We can start another thread to discuss the transcendent function if you like.
I haven't read Psychological Types in a long time (as you know, it's not one of my favorites), so I don't recall the details of Jung's arguments. For instance I'm confused about the descending/ascending idea you bring up in regards to the transcendent function. Is that the way Jung contextualized it or is this something you are adding?
I do remember the notion of the transcendent function in terms of a third position that, in essence, is the gravity that pulls the Opposites together toward union. It is a kind of new sun and the beginning a new solar system. Initially, it is an abstract and symbolic goal . . . very much like the alchemical lapis philosophorum (or one of its manifestations like the White or Red Tincture, the Gold, the Quintessence, the infans solaris, the Resurrection, etc.).
I don't recall Jung's exact formulation (I just remember feeling that Jung's notion of the transcendent function was a little hazy for my taste), but I can say that, based on my own personal experience, I think this imagined goal ends up being something completely different by the time the individual arrives at its doorstep. When we start out, we don't understand how to value this "transcendent function". Therefore, a numinous valuation emerges out of the unconscious. It tells us that there is great worth in this mysterious new goal. It tells us how it feels, how we long for it . . . but it doesn't tell us what the thing is. So this emergent symbol is often very vague . . . perhaps something like a mandala or generic Self symbol, something geometric and abstract. It is an "Everything/Anything symbol", in a sense.
The trick (for the individuant) is to not get sucked into literalizing it or totemizing it . . . i.e., making it into some distant constelation off in the heavens that can only be worshiped and gawked at, but never interacted with. This is the egoic impulse, and it usually accompanies an inflation of sorts. In that inflation, one either becomes a priestly devotee (and protector/defender/prophet) of this symbol or else identifies with it directly, trying to don its numen like a coat of many colors.
But, to arrive at the coniunctio* is to recognize that this third position is one at which one is able to value the first and second positions equally and make differentiations that determine when one position is more appropriately applied than another. This is, I think, experienced as an enantiodromia, even though it is actually a movement toward a "third position". But the third position feels like an Opposite of the initial position . . . and in a sense it is, because it is a conscious valuation of the true opposing position (which by necessity involves a depotentiation of the primary position). Jung didn't always define enantiodromia in this (more positive) sense . . . but I'm personally inclined to use the term for this "transcendence" to the third position (probably because I don't like the term "transcendence", as it is too abstract and too prone to inflated egoic notions . . . and because nothing is actually transcended in this coniunctio; it is merely an addition of valuation). The more negative (regressive) kind of "enantiodromia" is maybe better described with Freud's term: reaction formation.

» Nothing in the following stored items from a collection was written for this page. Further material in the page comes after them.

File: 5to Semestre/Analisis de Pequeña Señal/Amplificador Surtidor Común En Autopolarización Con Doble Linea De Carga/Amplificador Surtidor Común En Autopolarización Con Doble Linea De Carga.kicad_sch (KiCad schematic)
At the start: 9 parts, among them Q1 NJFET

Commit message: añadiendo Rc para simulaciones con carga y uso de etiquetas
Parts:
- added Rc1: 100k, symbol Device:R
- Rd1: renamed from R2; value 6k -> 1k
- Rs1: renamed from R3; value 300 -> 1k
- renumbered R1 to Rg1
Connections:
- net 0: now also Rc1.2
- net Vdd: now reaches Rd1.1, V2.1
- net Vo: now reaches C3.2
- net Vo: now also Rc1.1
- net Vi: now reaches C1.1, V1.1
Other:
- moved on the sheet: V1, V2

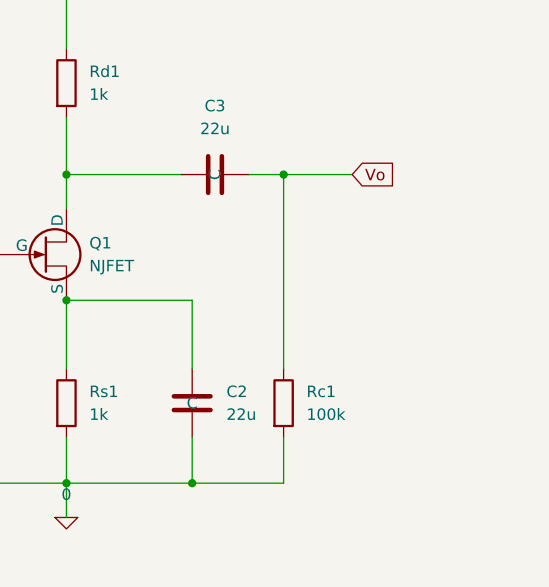
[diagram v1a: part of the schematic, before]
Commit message: obteniendo respuesta en frecuencia AC tipo boa comiendo un elefante con capacitancias parasitas
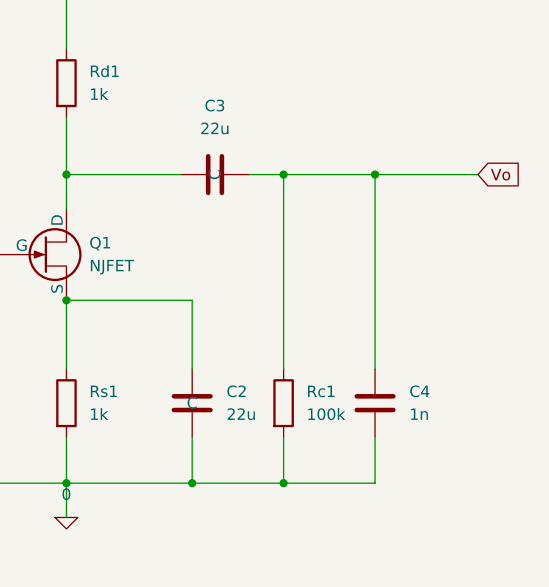
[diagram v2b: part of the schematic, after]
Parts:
- added C4: 1n, symbol Device:C
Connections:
- net 0: now also C4.2
- net Vo: now also C4.1
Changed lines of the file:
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@@
+	)
+	(junction
+		(at 165.1 123.19)
+		(diameter 0)
+		(color 0 0 0 0)
 	)
 	(junction
@@
 		(color 0 0 0 0)
 	)
+	(junction
+		(at 175.26 88.9)
+		(diameter 0)
+		(color 0 0 0 0)
+	)
+	(wire
+		(pts
+			(xy 175.26 118.11) (xy 175.26 123.19)
+		)
+		(stroke
+			(width 0)
+			(type default)
+		)
+	)
 	(wire
 		(pts
@@
 	(wire
 		(pts
+			(xy 175.26 88.9) (xy 186.69 88.9)
+		)
+		(stroke
+			(width 0)
+			(type default)
+		)
+	)
+	(wire
+		(pts
 			(xy 140.97 102.87) (xy 140.97 110.49)
 		)
@@
 	(wire
 		(pts
-			(xy 165.1 88.9) (xy 172.72 88.9)
+			(xy 165.1 88.9) (xy 175.26 88.9)
 		)
 		(stroke
@@
 	(wire
 		(pts
+			(xy 175.26 123.19) (xy 165.1 123.19)
+		)
+		(stroke
+			(width 0)
+			(type default)
+		)
+	)
+	(wire
+		(pts
 			(xy 127 123.19) (xy 140.97 123.19)
+		)
+		(stroke
+			(width 0)
+			(type default)
+		)
+	)
+	(wire
+		(pts
+			(xy 175.26 88.9) (xy 175.26 110.49)
 		)
 		(stroke
@@
 	(global_label "Vo"
 		(shape input)
-		(at 172.72 88.9 0)
+		(at 186.69 88.9 0)
 		(fields_autoplaced yes)
 		(effects
@@
 		)
 		(property "Intersheetrefs" "${INTERSHEET_REFS}"
-			(at 177.9428 88.9 0)
+			(at 191.9128 88.9 0)
 			(effects
 				(font
@@
 					(unit 1)
 				)
+			)
+		)
+	)
+	(symbol
+		(lib_id "Device:C")
+		(at 175.26 114.3 0)
+		(unit 1)
+		(exclude_from_sim no)
+		(in_bom yes)
+		(on_board yes)
+		(dnp no)
+		(fields_autoplaced yes)
+		(property "Reference" "C4"
+			(at 179.07 113.0299 0)
+			(effects
+				(font
+					(size 1.27 1.27)
+				)
+				(justify left)
+			)
+		)
+		(property "Value" "1n"
+			(at 179.07 115.5699 0)
+			(effects
+				(font
+					(size 1.27 1.27)
+				)
+				(justify left)
+			)
+		)
+		(property "Footprint" ""
+			(at 176.2252 118.11 0)
+			(effects
+				(font
+					(size 1.27 1.27)
+				)
+				(hide yes)
+			)
+		)
+		(property "Datasheet" "~"
+			(at 175.26 114.3 0)
+			(effects
+				(font
+					(size 1.27 1.27)
+				)
+				(hide yes)
+			)
+		)
+		(property "Description" "Unpolarized capacitor"
+			(at 175.26 114.3 0)
+			(effects
+				(font
+					(size 1.27 1.27)
+				)
+				(hide yes)
+			)
+		)
+		(pin "1"
+		)
+		(pin "2"
+		)
+		(instances
+			(project "Amplificador Surtidor Común En Autopolarización Con Doble Linea De Carga"
+				(path "/cec29d34-94dc-4fef-8b65-c8bf40701861"
+					(reference "C4")
+					(unit 1)
+				)

* (This is something a bit different than the animi coniunctio, which may be seen as, in some ways, the first "transcendent function" in which the third position becomes the primary position that defines the "new ego". I think this has less to do with types of cognition and more to do with becoming a conscious individual, though.)
So, arriving at the goal of the third position "in the flesh", one tends to find that the "stone is worthless". That is, it possesses no value as a currency, grants the ego no greater power. The stone is the value of valuation itself. The preliminary imagination of the goal tends to bring up dreams of "attainment" or wisdom or spiritual power, but these notions end up being the misunderstanding of the ego.
Perhaps, to some degree, more libido is "freed up." But this doesn't have a distinct impact on the individual. The libido was there the whole time driving the individual toward the goal. With the achievement of the goal, this obsessive coniunctio-libido is actually depotentiated. Libido can then flow through that newly opened perspective "more freely", but with a lot less force behind it. That is, it's a movement toward equilibrium. The "tension of the Opposites" can generate an enormous amount of obsessive, directed energy . . . but the individuant must finally accept that the only way to achieve the goal (create the lapis) is to accept a depotentiation of the numinousness that the obsessive tension of the task generated.
But this is usually experienced as a big exhale, I think, followed by a quiet satisfaction . . . and perhaps even a sense of humor about how relatively small the goal turned out to be compared to how largely it was imagined. Still, some people thrive on the energy of Opposites. Artists, for instance. Many artists don't want to be "healed" or have their tension "depotentiated". They think (not incorrectly) that this will be a "loss of the Muse". Better to live in maya . . . that's the artist's credo.